# geli initialization at rc.conf for gmirror drive



## IPTRACE (Aug 8, 2019)

How can I do that?

`user@serv:~ % l /dev/mirror/mirror
119 crw-r-----  1 root  operator  -  0x77 Aug  8 14:01:02 2019 /dev/mirror/mirro`

rc.conf
`geli_devices="mfid0p8 mirror"
geli_mfid0p8_flags="-p -k /root/1.key"
geli_mirror_flags="-p -k /root/2.key"`

mirror/mirror does not work as well.


----------



## tOsYZYny (Apr 18, 2020)

I am new to FreeBSD, so please forgive me.

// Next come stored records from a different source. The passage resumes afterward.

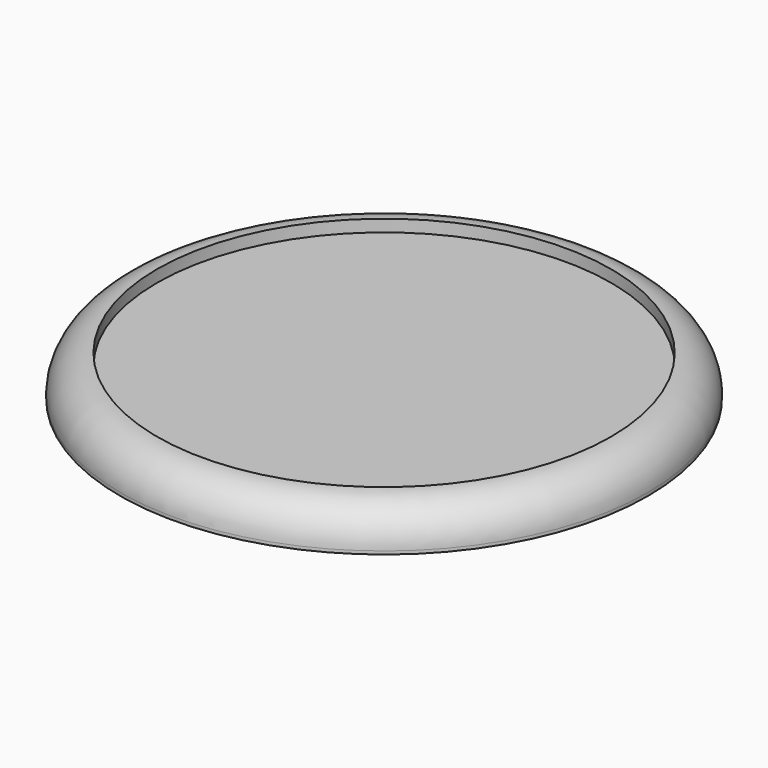
from build123d import *

# Parameters (mm, degrees)
F0_R     = 25
F0_R_2   = 21.5
F1_DEPTH = 3.8
F2_DEPTH = 2.66
F3_R     = 3.49999
F4_R     = 1.6
F5_DEPTH = 1.9
F6_DEPTH = 1.66
F6_TAPER = 25


# Not quite as in the source:
# - a fillet or chamfer is up to 0.001 mm smaller than in the source, because OpenCascade refuses the exact size


with BuildPart() as f1:
    # F0 (on Top) → F1 (new body)
    with BuildSketch(Plane.XY):
        Circle(F0_R)
        Circle(F0_R_2, mode=Mode.SUBTRACT)
    extrude(amount=F1_DEPTH)

    # F0 (on Top) → F2 (join, through all)
    with BuildSketch(Plane.XY):
        Circle(F0_R_2)
    extrude(amount=F2_DEPTH)

    # F3 (radius 3.5 in the source; OpenCascade refuses exactly that, so slightly less here)
    f3_edges = [f1.edges().sort_by_distance(p)[0] for p in [
        (-25, 0, 3.8),
    ]]
    fillet(f3_edges, radius=F3_R)

    # F4 (on face) → F5 (cut)
    with BuildSketch(Plane.XY):
        Circle(F4_R)
    extrude(amount=F5_DEPTH, mode=Mode.SUBTRACT)

    # F4 (on face) → F6 (cut, through all)
    with BuildSketch(Plane.XY):
        with BuildLine():
            Line((-1, -21.4767315949), (-1, -3.4583232932))
            ThreePointArc((-1, -3.4583232932), (-2.1160269083, -2.9124611797), (-2.980043909, -2.0197371859))
            Line((-2.980043909, -2.0197371859), (-20.1165685377, -7.5877315628))
            ThreePointArc((-20.1165685377, -7.5877315628), (-12.6373829243, -17.3938653791), (-1, -21.4767315949))
        make_face()
        with BuildLine():
            Line((-1, -21.9772609758), (-1, -21.4767315949))
            ThreePointArc((-1, -21.4767315949), (-12.6373829243, -17.3938653791), (-20.1165685377, -7.5877315628))
            Line((-20.1165685377, -7.5877315628), (-20.592600267, -7.7424036476))
            ThreePointArc((-20.592600267, -7.7424036476), (-12.9312755504, -17.7983738762), (-1, -21.9772609758))
        make_face()
        with BuildLine():
            Line((20.1165685377, -7.5877315628), (2.980043909, -2.0197371859))
            ThreePointArc((2.980043909, -2.0197371859), (2.1160269083, -2.9124611797), (1, -3.4583232932))
            Line((1, -3.4583232932), (1, -21.4767315949))
            ThreePointArc((1, -21.4767315949), (12.6373829243, -17.3938653791), (20.1165685377, -7.5877315628))
        make_face()
        with BuildLine():
            Line((20.592600267, -7.7424036476), (20.1165685377, -7.5877315628))
            ThreePointArc((20.1165685377, -7.5877315628), (12.6373829243, -17.3938653791), (1, -21.4767315949))
            Line((1, -21.4767315949), (1, -21.9772609758))
            ThreePointArc((1, -21.9772609758), (12.9312755504, -17.7983738762), (20.592600267, -7.7424036476))
        make_face()
        with BuildLine():
            ThreePointArc((2.8417684238, 2.2100570639), (3.4051700637, 1.1682537555), (3.6, 0))
            ThreePointArc((3.6, 0), (3.5995194424, -0.0588199284), (3.5980778978, -0.1176241533))
            Line((3.5980778978, -0.1176241533), (20.7346025264, -5.6856185302))
            ThreePointArc((20.7346025264, -5.6856185302), (21.307791466, -2.8684530397), (21.5, 0))
            ThreePointArc((21.5, 0), (19.3785131848, 9.3125306307), (13.4327230933, 16.7872555916))
            Line((13.4327230933, 16.7872555916), (2.8417684238, 2.2100570639))
        make_face()
        with BuildLine():
            Line((13.7269268818, 17.192192367), (13.4327230933, 16.7872555916))
            ThreePointArc((13.4327230933, 16.7872555916), (19.3785131848, 9.3125306307), (21.5, 0))
            ThreePointArc((21.5, 0), (21.307791466, -2.8684530397), (20.7346025264, -5.6856185302))
            Line((20.7346025264, -5.6856185302), (21.2106342558, -5.8402906151))
            ThreePointArc((21.2106342558, -5.8402906151), (21.8017654518, -2.9466969961), (22, 0))
            ThreePointArc((22, 0), (19.8241316506, 9.5395914116), (13.7269268818, 17.192192367))
        make_face()
        with BuildLine():
            ThreePointArc((-1.223734435, 3.3856275685), (0, 3.6), (1.223734435, 3.3856275685))
            Line((1.223734435, 3.3856275685), (11.8146891046, 17.9628260962))
            ThreePointArc((11.8146891046, 17.9628260962), (0, 21.5), (-11.8146891046, 17.9628260962))
            Line((-11.8146891046, 17.9628260962), (-1.223734435, 3.3856275685))
        make_face()
        with BuildLine():
            ThreePointArc((-11.8146891046, 17.9628260962), (0, 21.5), (11.8146891046, 17.9628260962))
            Line((11.8146891046, 17.9628260962), (12.108892893, 18.3677628716))
            ThreePointArc((12.108892893, 18.3677628716), (0, 22), (-12.108892893, 18.3677628716))
            Line((-12.108892893, 18.3677628716), (-11.8146891046, 17.9628260962))
        make_face()
        with BuildLine():
            ThreePointArc((-3.5980778978, -0.1176241533), (-3.4238034587, 1.1124611797), (-2.8417684238, 2.2100570639))
            Line((-2.8417684238, 2.2100570639), (-13.4327230933, 16.7872555916))
            ThreePointArc((-13.4327230933, 16.7872555916), (-20.4477151003, 6.6438653791), (-20.7346025264, -5.6856185302))
            Line((-20.7346025264, -5.6856185302), (-3.5980778978, -0.1176241533))
        make_face()
        with BuildLine():
            ThreePointArc((-20.7346025264, -5.6856185302), (-20.4477151003, 6.6438653791), (-13.4327230933, 16.7872555916))
            Line((-13.4327230933, 16.7872555916), (-13.7269268818, 17.192192367))
            ThreePointArc((-13.7269268818, 17.192192367), (-20.9232433585, 6.7983738762), (-21.2106342558, -5.8402906151))
            Line((-21.2106342558, -5.8402906151), (-20.7346025264, -5.6856185302))
        make_face()
    extrude(amount=F6_DEPTH, taper=F6_TAPER, mode=Mode.SUBTRACT)


solid = f1.part

The path to the device is a bit odd, I am successfully able to unlock GELI encrypted devices where the device files are directly under /dev.  I suppose you have encryption on top of a mirrored device?  I haven't come across that yet to know what the path / device structure looks like.

Otherwise, your configuration looks right if the devices were present @ /dev/mfid0p8 and /dev/mirror and similarly, your keys were under /root/{1,2}.key.

I did search for this:
https://wiki.freebsd.org/MasonLoringBliss/UEFIandZFSandGELIbyHAND

Perhaps those tidbits might help.


----------